### INSTRUCTIONS TO FOLLOW
Among the entries below, extract exactly the lines that run from the one with "doc.units = 0" through the one with "doc.layers.add(name, color=color, linetype=linetype)", both ends included.

[Stored dataset items]
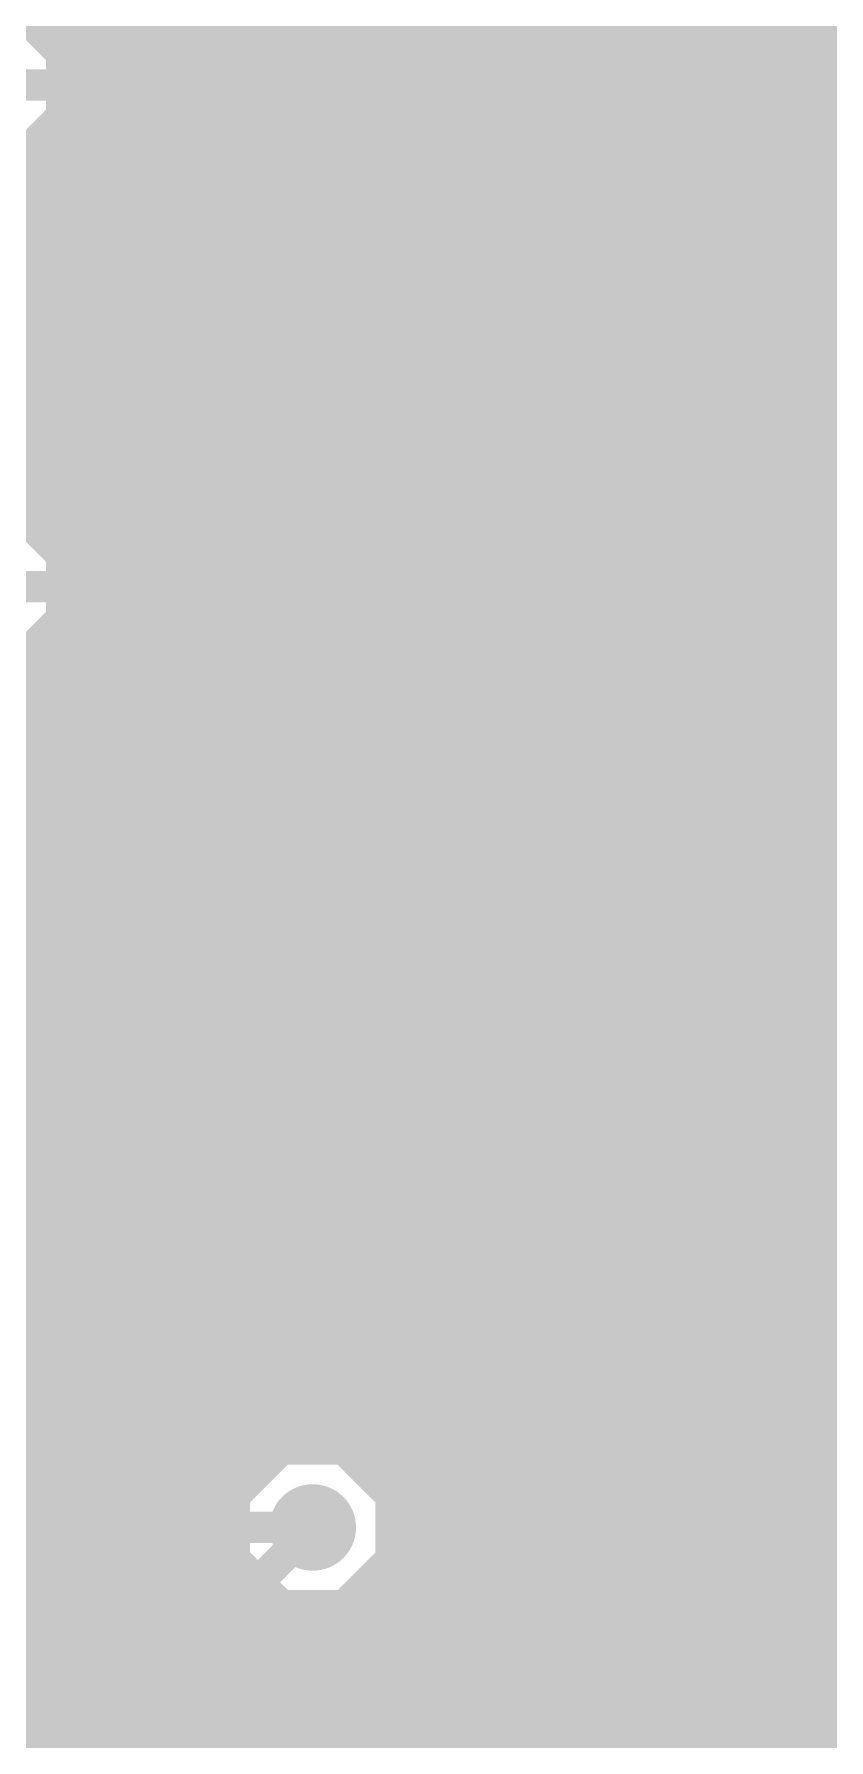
# Model space of a CAD drawing. Extents: x -5 to 208, y -5 to 206.
# Drawn here: x 149 to 155.44, y 165.03 to 178.85 of the extents above; entities that cross this region are included whole.
import ezdxf

# ---------------------------------------------------------------- set-up
doc = ezdxf.new("R2010")
doc.units = 0
doc.header["$MEASUREMENT"] = 0
doc.layers.get('0').update_dxf_attribs({"linetype": 'CONTINUOUS'})
for name, color, linetype in [('22-301-0_BOT', 7, 'CONTINUOUS'), ('22-301-0_DRD', 7, 'CONTINUOUS'), ('22-301-0_IN1', 1, 'CONTINUOUS'), ('22-301-0_IN2', 4, 'CONTINUOUS'), ('22-301-0_SMT', 5, 'CONTINUOUS'), ('22-301-0_SST', 10, 'CONTINUOUS'), ('22-301-0_TOP', 14, 'CONTINUOUS'), ('THRUHOLE_TAP', 11, 'CONTINUOUS')]:
    doc.layers.add(name, color=color, linetype=linetype)

# ---------------------------------------------------------------- blocks, each defined once
blk = doc.blocks.new('ROUND_66')
at = {"const_width": 0.35052}
blk.add_lwpolyline([(-0.17526, 0, 1), (0.17526, 0, 1)], format="xyb", close=True, dxfattribs=at)
blk = doc.blocks.new('ROUND_69')
at = {"const_width": 0.35052}
blk.add_lwpolyline([(-0.17526, 0, 1), (0.17526, 0, 1)], format="xyb", close=True, dxfattribs=at)
blk = doc.blocks.new('RECTANGLE_6')
blk.add_solid([(0.4826, 0.4064), (0.4826, -0.4064), (-0.4826, 0.4064), (-0.4826, -0.4064)])
blk = doc.blocks.new('RECTANGLE_47')
blk.add_solid([(0.44958, 0.65024), (0.44958, -0.65024), (-0.44958, 0.65024), (-0.44958, -0.65024)])
blk = doc.blocks.new('ROUND_74')
at = {"const_width": 0.10033}
blk.add_lwpolyline([(-0.050164, 0, 1), (0.050164, 0, 1)], format="xyb", close=True, dxfattribs=at)

msp = doc.modelspace()

# ---------------------------------------------------------------- linework, layer by layer
at = {"layer": '22-301-0_BOT', "const_width": 0.254}
for points in [[(149.1996, 189.8523), (149.1996, 178.73472)], [(149.4282, 189.8523), (149.4282, 166.37)], [(149.6568, 189.8523), (149.6568, 166.37)], [(149.8854, 189.8523), (149.8854, 166.37)], [(150.114, 189.8523), (150.114, 166.37)], [(150.3426, 189.8523), (150.3426, 166.37)], [(150.5712, 189.8523), (150.5712, 166.37)], [(150.7998, 189.8523), (150.7998, 167.25392)], [(154.0002, 189.8523), (154.0002, 166.37)], [(154.2288, 189.8523), (154.2288, 166.37)], [(154.4574, 189.8523), (154.4574, 166.37)], [(154.686, 189.8523), (154.686, 166.37)], [(154.9146, 189.8523), (154.9146, 166.37)], [(155.1432, 189.8523), (155.1432, 166.37)], [(155.3718, 189.8523), (155.3718, 166.37)], [(151.0284, 185.01614), (151.0284, 167.39108)], [(153.7716, 185.01614), (153.7716, 166.37)], [(151.257, 184.56148), (151.257, 167.43172)], [(153.543, 184.56148), (153.543, 166.37)], [(151.4856, 184.32018), (151.4856, 167.39108)], [(153.3144, 184.32018), (153.3144, 166.37)], [(151.7142, 184.16524), (151.7142, 167.25392)], [(151.9428, 184.06364), (151.9428, 166.37)], [(152.8572, 184.06364), (152.8572, 166.37)], [(153.0858, 184.16524), (153.0858, 166.37)], [(152.1714, 184.00776), (152.1714, 166.37)], [(152.4, 183.98998), (152.4, 166.37)], [(152.6286, 184.00776), (152.6286, 166.37)], [(180.55082, 178.943), (149.04212, 178.943)], [(180.31968, 178.7144), (149.20976, 178.7144)], [(180.23078, 178.4858), (149.26818, 178.4858)], [(149.1996, 178.13274), (149.1996, 174.67072)], [(180.2257, 178.2572), (149.24532, 178.2572)], [(180.30444, 178.0286), (149.13356, 178.0286)], [(148.971, 177.87112), (148.971, 174.93488)], [(180.51018, 177.8), (148.8313, 177.8)], [(187.5028, 177.5714), (118.9482, 177.5714)], [(187.5028, 177.3428), (118.9482, 177.3428)], [(187.5028, 177.1142), (118.9482, 177.1142)], [(187.5028, 176.8856), (118.9482, 176.8856)], [(187.5028, 176.657), (118.9482, 176.657)], [(187.28436, 176.4284), (118.9482, 176.4284)], [(187.09894, 176.1998), (119.63908, 176.1998)], [(187.03036, 175.9712), (119.84736, 175.9712)], [(187.04306, 175.7426), (119.92356, 175.7426)], [(187.14212, 175.514), (119.92102, 175.514)], [(187.2488, 175.2854), (119.83212, 175.2854)], [(187.2488, 175.0568), (119.60098, 175.0568)], [(187.2488, 174.8282), (149.09292, 174.8282)], [(187.2488, 174.5996), (149.23008, 174.5996)], [(187.2488, 174.371), (149.27072, 174.371)], [(187.2488, 174.1424), (149.23008, 174.1424)], [(149.1996, 174.06874), (149.1996, 166.37)], [(187.2488, 173.9138), (149.09292, 173.9138)], [(148.971, 173.80712), (148.971, 166.37)], [(187.2488, 173.6852), (119.4562, 173.6852)], [(187.2488, 173.4566), (120.23852, 173.4566)], [(187.2488, 173.228), (120.39092, 173.228)], [(187.2488, 172.9994), (120.43918, 172.9994)], [(187.2488, 172.7708), (120.4087, 172.7708)], [(187.2488, 172.5422), (120.28678, 172.5422)], [(187.2488, 172.3136), (119.9642, 172.3136)], [(187.2488, 172.085), (119.9642, 172.085)], [(187.2488, 171.8564), (119.9642, 171.8564)], [(183.12638, 171.6278), (119.9642, 171.6278)], [(182.92064, 171.3992), (119.9642, 171.3992)], [(182.8419, 171.1706), (119.9642, 171.1706)], [(182.84698, 170.942), (119.9642, 170.942)], [(173.73346, 170.7134), (119.9642, 170.7134)], [(173.50486, 170.4848), (119.9642, 170.4848)], [(173.27626, 170.2562), (119.9642, 170.2562)], [(173.0883, 170.0276), (119.9642, 170.0276)], [(173.00194, 169.799), (121.35612, 169.799)], [(172.98162, 169.5704), (121.52376, 169.5704)], [(173.04004, 169.3418), (121.58218, 169.3418)], [(173.20768, 169.1132), (121.72696, 169.1132)], [(187.2488, 168.8846), (141.39672, 168.8846)], [(187.2488, 168.656), (141.66088, 168.656)], [(187.2488, 168.4274), (141.75994, 168.4274)], [(187.2488, 168.1988), (141.77264, 168.1988)], [(157.10408, 167.9702), (141.70406, 167.9702)], [(156.96692, 167.7416), (141.5542, 167.7416)], [(156.92628, 167.513), (141.5542, 167.513)], [(150.83536, 167.2844), (141.5542, 167.2844)], [(156.96692, 167.2844), (151.67864, 167.2844)], [(150.64994, 167.0558), (141.5542, 167.0558)], [(157.10408, 167.0558), (151.86406, 167.0558)], [(150.58136, 166.8272), (141.5542, 166.8272)], [(163.87064, 166.8272), (151.93264, 166.8272)], [(150.59406, 166.5986), (141.5542, 166.5986)], [(163.7919, 166.5986), (151.91994, 166.5986)], [(150.69312, 166.37), (141.5542, 166.37)], [(163.79698, 166.37), (151.82088, 166.37)]]:
    msp.add_lwpolyline(points, dxfattribs=at)
for points in [[(149.27072, 178.435, 0.4142136), (148.59, 179.11572)], [(148.59, 177.75428, 0.4142136), (149.27072, 178.435)], [(149.27072, 174.371, 0.4142136), (148.59, 175.05172)], [(148.59, 173.69028, 0.4142136), (149.27072, 174.371)], [(151.257, 167.43172, 0.4142136), (150.57628, 166.751)], [(151.93772, 166.751, 0.4142136), (151.257, 167.43172)], [(150.57628, 166.751, 0.1496563), (150.69296, 166.36989)], [(151.82088, 166.37, 0.1496559), (151.93753, 166.751)]]:
    msp.add_lwpolyline(points, format="xyb", dxfattribs=at)
at = {"layer": '22-301-0_DRD', "const_width": 0.254}
for points in [[(149.225, 178.689), (148.844, 179.07)], [(149.225, 178.181), (149.225, 178.689)], [(148.844, 177.8), (149.225, 178.181)], [(149.225, 174.625), (148.844, 175.006)], [(149.225, 174.117), (149.225, 174.625)], [(148.844, 173.736), (149.225, 174.117)], [(149.606, 172.085), (149.225, 171.704)], [(149.606, 172.085), (149.225, 171.704)], [(150.114, 172.085), (149.606, 172.085)], [(150.114, 172.085), (149.606, 172.085)], [(150.495, 171.704), (150.114, 172.085)], [(150.495, 171.704), (150.114, 172.085)], [(149.225, 171.704), (149.225, 171.196)], [(149.225, 171.704), (149.225, 171.196)], [(150.495, 171.196), (150.495, 171.704)], [(150.495, 171.196), (150.495, 171.704)], [(149.225, 171.196), (149.606, 170.815)], [(149.225, 171.196), (149.606, 170.815)], [(150.114, 170.815), (150.495, 171.196)], [(150.114, 170.815), (150.495, 171.196)], [(149.606, 170.815), (150.114, 170.815)], [(149.606, 170.815), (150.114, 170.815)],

### RESPONSE AREA
doc.units = 0
doc.header["$MEASUREMENT"] = 0
doc.layers.get('0').update_dxf_attribs({"linetype": 'CONTINUOUS'})
for name, color, linetype in [('22-301-0_BOT', 7, 'CONTINUOUS'), ('22-301-0_DRD', 7, 'CONTINUOUS'), ('22-301-0_IN1', 1, 'CONTINUOUS'), ('22-301-0_IN2', 4, 'CONTINUOUS'), ('22-301-0_SMT', 5, 'CONTINUOUS'), ('22-301-0_SST', 10, 'CONTINUOUS'), ('22-301-0_TOP', 14, 'CONTINUOUS'), ('THRUHOLE_TAP', 11, 'CONTINUOUS')]:
    doc.layers.add(name, color=color, linetype=linetype)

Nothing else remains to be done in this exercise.